Re: [PATCH v2 net-next 4/5] xps_flows: XPS for packets that don't have a socket
On Thu, Sep 29, 2016 at 12:54 AM, Eric Dumazet wrote: > On Wed, 2016-09-28 at 20:54 -0700, Tom Herbert wrote: >> xps_flows maintains a per device flow table that is indexed by the >> skbuff hash. The table is only consulted when there is no queue saved in >> a transmit socket for an skbuff. >> >> Each entry in the flow table contains a queue index and a queue >> pointer. The queue pointer is set when a queue is chosen using a >> flow table entry. This pointer is set to the head pointer in the >> transmit queue (which is maintained by BQL). >> >> The new function get_xps_flows_index that looks up flows in the >> xps_flows table. The entry returned gives the last queue a matching flow >> used. The returned queue is compared against the normal XPS queue. If >> they are different, then we only switch if the tail pointer in the TX >> queue has advanced past the pointer saved in the entry. In this >> way OOO should be avoided when XPS wants to use a different queue. > > There is something I do not understand with this. > > If this OOO avoidance is tied to BQL, it means that packets sitting in a > qdisc wont be part of the detection. > > So packets of flow X could possibly be queued on multiple qdiscs. > Hi Eric, I'm not sure I understand your concern. If packets for flow X can be queued on multiple qdiscs wouldn't that mean that flow will be subject to ooo transmission regardless of this patch?

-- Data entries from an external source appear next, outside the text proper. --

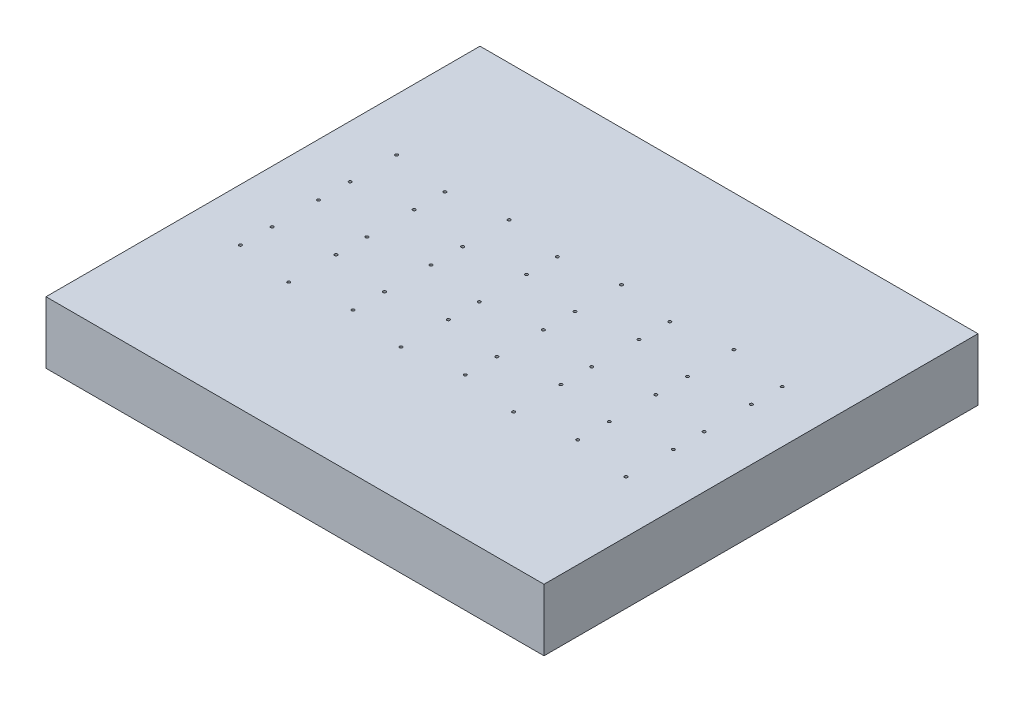
SolidWorks part; units mm, degrees
material "Polyurethane Foam Rigid"
ref_plane "X-Y Datum" through (0, 0, 0) normal (0, 0, 1) x (1, 0, 0)
ref_plane "X-Z Datum" through (0, 0, 0) normal (0, 1, 0) x (1, 0, 0)
ref_plane "Y-Z Datum" through (0, 0, 0) normal (1, 0, 0) x (0, 0, -1)
sketch "Sketch1" plane through (0, 0, 0) normal (0, 0, 1) x (1, 0, 0)
  line L1 (-153.0248, -19.05) -> (153.0248, -19.05)
  line L2 (-153.0248, -19.05) -> (-153.0248, 19.05)
  line L3 (-153.0248, 19.05) -> (153.0248, 19.05)
  line L4 (153.0248, -19.05) -> (153.0248, 19.05)
  line L5 (-153.0248, -19.05) -> (153.0248, 19.05) construction
  line L6 (-153.0248, 19.05) -> (153.0248, -19.05) construction
  point P0 (0, 0)
  dimension "D1" = 38.1
  dimension "D2" = 306.0497
extrude "Boss-Extrude1" add sketch "Sketch1" against normal blind 254
sketch "Sketch3" plane through (0, 19.05, 0) normal (0, 1, 0) x (1, 0, 0)
  line L1 (153.0248, 0) -> (-153.0248, 0) construction
  circle A0 centre (-135.6657, 51.2834) radius 3.5
  circle A1 centre (139.8613, 51.2834) radius 3.5
  dimension "D1" = 7
  dimension "D2" = 7
  dimension "D4" = 51.2834
  dimension "D5" = 51.2834
sketch "Sketch4" plane through (0, 19.05, 0) normal (0, 1, 0) x (1, 0, 0)
  line L4 (-153.0248, 0) -> (153.0248, 0)
  line L5 (153.0248, 0) -> (153.0248, 254)
  line L6 (153.0248, 254) -> (-153.0248, 254)
  line L7 (-153.0248, 254) -> (-153.0248, 0)
  line L8 (-153.0248, 0) -> (153.0248, 0)
  line L9 (153.0248, 0) -> (153.0248, 254)
  line L10 (153.0248, 254) -> (-153.0248, 254)
  line L11 (-153.0248, 254) -> (-153.0248, 0)
  circle A0 centre (17.4258, 106.6361) radius 0.875 construction
  circle A1 centre (51.9258, 111.451) radius 0.875 construction
  circle A2 centre (51.9258, 82.3911) radius 0.875 construction
  circle A3 centre (121.0138, 82.3911) radius 0.875 construction
  circle A4 centre (86.5138, 87.2061) radius 0.875 construction
  circle A5 centre (121.0138, 111.451) radius 0.875 construction
  circle A6 centre (86.5138, 106.6361) radius 0.875 construction
  circle A7 centre (121.0138, 130.3921) radius 0.875 construction
  circle A8 centre (86.5138, 135.207) radius 0.875 construction
  circle A9 centre (86.5138, 154.6421) radius 0.875 construction
  circle A10 centre (121.0138, 159.457) radius 0.875 construction
  circle A11 centre (121.0138, 178.393) radius 0.875 construction
  circle A12 centre (86.5138, 183.2079) radius 0.875 construction
  circle A13 centre (17.4258, 135.207) radius 0.875 construction
  circle A14 centre (51.9258, 159.457) radius 0.875 construction
  circle A15 centre (51.9258, 178.393) radius 0.875 construction
  circle A16 centre (17.4258, 183.2079) radius 0.875 construction
  circle A17 centre (17.4258, 154.6421) radius 0.875 construction
  circle A18 centre (51.9258, 130.3921) radius 0.875 construction
  circle A19 centre (17.4258, 87.2061) radius 0.875 construction
  circle A20 centre (-17.1622, 82.3911) radius 0.875 construction
  circle A21 centre (-51.6622, 87.2061) radius 0.875 construction
  circle A22 centre (-51.6622, 106.6361) radius 0.875 construction
  circle A23 centre (-17.1622, 111.451) radius 0.875 construction
  circle A24 centre (-17.1622, 130.3921) radius 0.875 construction
  circle A25 centre (-51.6622, 135.207) radius 0.875 construction
  circle A26 centre (-17.1622, 159.457) radius 0.875 construction
  circle A27 centre (-51.6622, 154.6421) radius 0.875 construction
  circle A28 centre (-17.1622, 178.393) radius 0.875 construction
  circle A29 centre (-51.6622, 183.2079) radius 0.875 construction
  circle A30 centre (-86.2502, 159.457) radius 0.875 construction
  circle A31 centre (-86.2502, 130.3921) radius 0.875 construction
  circle A32 centre (-86.2502, 111.451) radius 0.875 construction
  circle A33 centre (-86.2502, 82.3911) radius 0.875 construction
  circle A34 centre (-120.7502, 87.2061) radius 0.875 construction
  circle A35 centre (-120.7502, 106.6361) radius 0.875 construction
  circle A36 centre (-120.7502, 135.207) radius 0.875 construction
  circle A37 centre (-86.2502, 178.393) radius 0.875 construction
  circle A38 centre (-120.7502, 154.6421) radius 0.875 construction
  circle A39 centre (-120.7502, 183.2079) radius 0.875 construction
  circle A40 centre (17.4258, 106.6361) radius 0.875
  circle A41 centre (51.9258, 111.451) radius 0.875
  circle A42 centre (51.9258, 82.3911) radius 0.875
  circle A43 centre (121.0138, 82.3911) radius 0.875
  circle A44 centre (86.5138, 87.2061) radius 0.875
  circle A45 centre (121.0138, 111.451) radius 0.875
  circle A46 centre (86.5138, 106.6361) radius 0.875
  circle A47 centre (121.0138, 130.3921) radius 0.875
  circle A48 centre (86.5138, 135.207) radius 0.875
  circle A49 centre (86.5138, 154.6421) radius 0.875
  circle A50 centre (121.0138, 159.457) radius 0.875
  circle A51 centre (121.0138, 178.393) radius 0.875
  circle A52 centre (86.5138, 183.2079) radius 0.875
  circle A53 centre (17.4258, 135.207) radius 0.875
  circle A54 centre (51.9258, 159.457) radius 0.875
  circle A55 centre (51.9258, 178.393) radius 0.875
  circle A56 centre (17.4258, 183.2079) radius 0.875
  circle A57 centre (17.4258, 154.6421) radius 0.875
  circle A58 centre (51.9258, 130.3921) radius 0.875
  circle A59 centre (17.4258, 87.2061) radius 0.875
  circle A60 centre (-17.1622, 82.3911) radius 0.875
  circle A61 centre (-51.6622, 87.2061) radius 0.875
  circle A62 centre (-51.6622, 106.6361) radius 0.875
  circle A63 centre (-17.1622, 111.451) radius 0.875
  circle A64 centre (-17.1622, 130.3921) radius 0.875
  circle A65 centre (-51.6622, 135.207) radius 0.875
  circle A66 centre (-17.1622, 159.457) radius 0.875
  circle A67 centre (-51.6622, 154.6421) radius 0.875
  circle A68 centre (-17.1622, 178.393) radius 0.875
  circle A69 centre (-51.6622, 183.2079) radius 0.875
  circle A70 centre (-86.2502, 159.457) radius 0.875
  circle A71 centre (-86.2502, 130.3921) radius 0.875
  circle A72 centre (-86.2502, 111.451) radius 0.875
  circle A73 centre (-86.2502, 82.3911) radius 0.875
  circle A74 centre (-120.7502, 87.2061) radius 0.875
  circle A75 centre (-120.7502, 106.6361) radius 0.875
  circle A76 centre (-120.7502, 135.207) radius 0.875
  circle A77 centre (-86.2502, 178.393) radius 0.875
  circle A78 centre (-120.7502, 154.6421) radius 0.875
  circle A79 centre (-120.7502, 183.2079) radius 0.875
  dimension "D1" = 0
extrude "Cut-Extrude3" cut sketch "Sketch4" against normal through all contours A78 | A79 | A76 | A75 | A74 | A73 | A61 | A60 | A62 | A72 | A71 | A70 | A77 | A69 | A67 | A65 | A68 | A66 | A64 | A63 | A59 | A42 | A44 | A43 | A45 | A46 | A41 | A40 | A57 | A54 | A58 | A53 | A47 | A49 | A56 | A55 | A50 | A51 | A48 | A52
sketch "Sketch5" plane through (0, 0, -254) normal (0, 0, -1) x (-1, 0, 0)
  line L1 (-153.0248, 19.05) -> (153.0248, 19.05)
  line L2 (-153.0248, 19.05) -> (-153.0248, -19.05)
  line L3 (-153.0248, -19.05) -> (153.0248, -19.05)
  line L4 (153.0248, 19.05) -> (153.0248, -19.05)
  line L5 (-153.0248, 19.05) -> (153.0248, -19.05) construction
  line L6 (-153.0248, -19.05) -> (153.0248, 19.05) construction
  point P4 (0, 0)
extrude "Boss-Extrude2" add sketch "Sketch5" along normal blind 12.7

In other words here we're trying to keep packets for the flow in order as they are emitted from the qdiscs which we assume maintains ordering of packets in a flow. Tom > >
Re: [PATCH v2 net-next 4/5] xps_flows: XPS for packets that don't have a socket
On Wed, 2016-09-28 at 20:54 -0700, Tom Herbert wrote: > xps_flows maintains a per device flow table that is indexed by the > skbuff hash. The table is only consulted when there is no queue saved in > a transmit socket for an skbuff. > > Each entry in the flow table contains a queue index and a queue > pointer. The queue pointer is set when a queue is chosen using a > flow table entry. This pointer is set to the head pointer in the > transmit queue (which is maintained by BQL). > > The new function get_xps_flows_index that looks up flows in the > xps_flows table. The entry returned gives the last queue a matching flow > used. The returned queue is compared against the normal XPS queue. If > they are different, then we only switch if the tail pointer in the TX > queue has advanced past the pointer saved in the entry. In this > way OOO should be avoided when XPS wants to use a different queue. There is something I do not understand with this. If this OOO avoidance is tied to BQL, it means that packets sitting in a qdisc wont be part of the detection. So packets of flow X could possibly be queued on multiple qdiscs.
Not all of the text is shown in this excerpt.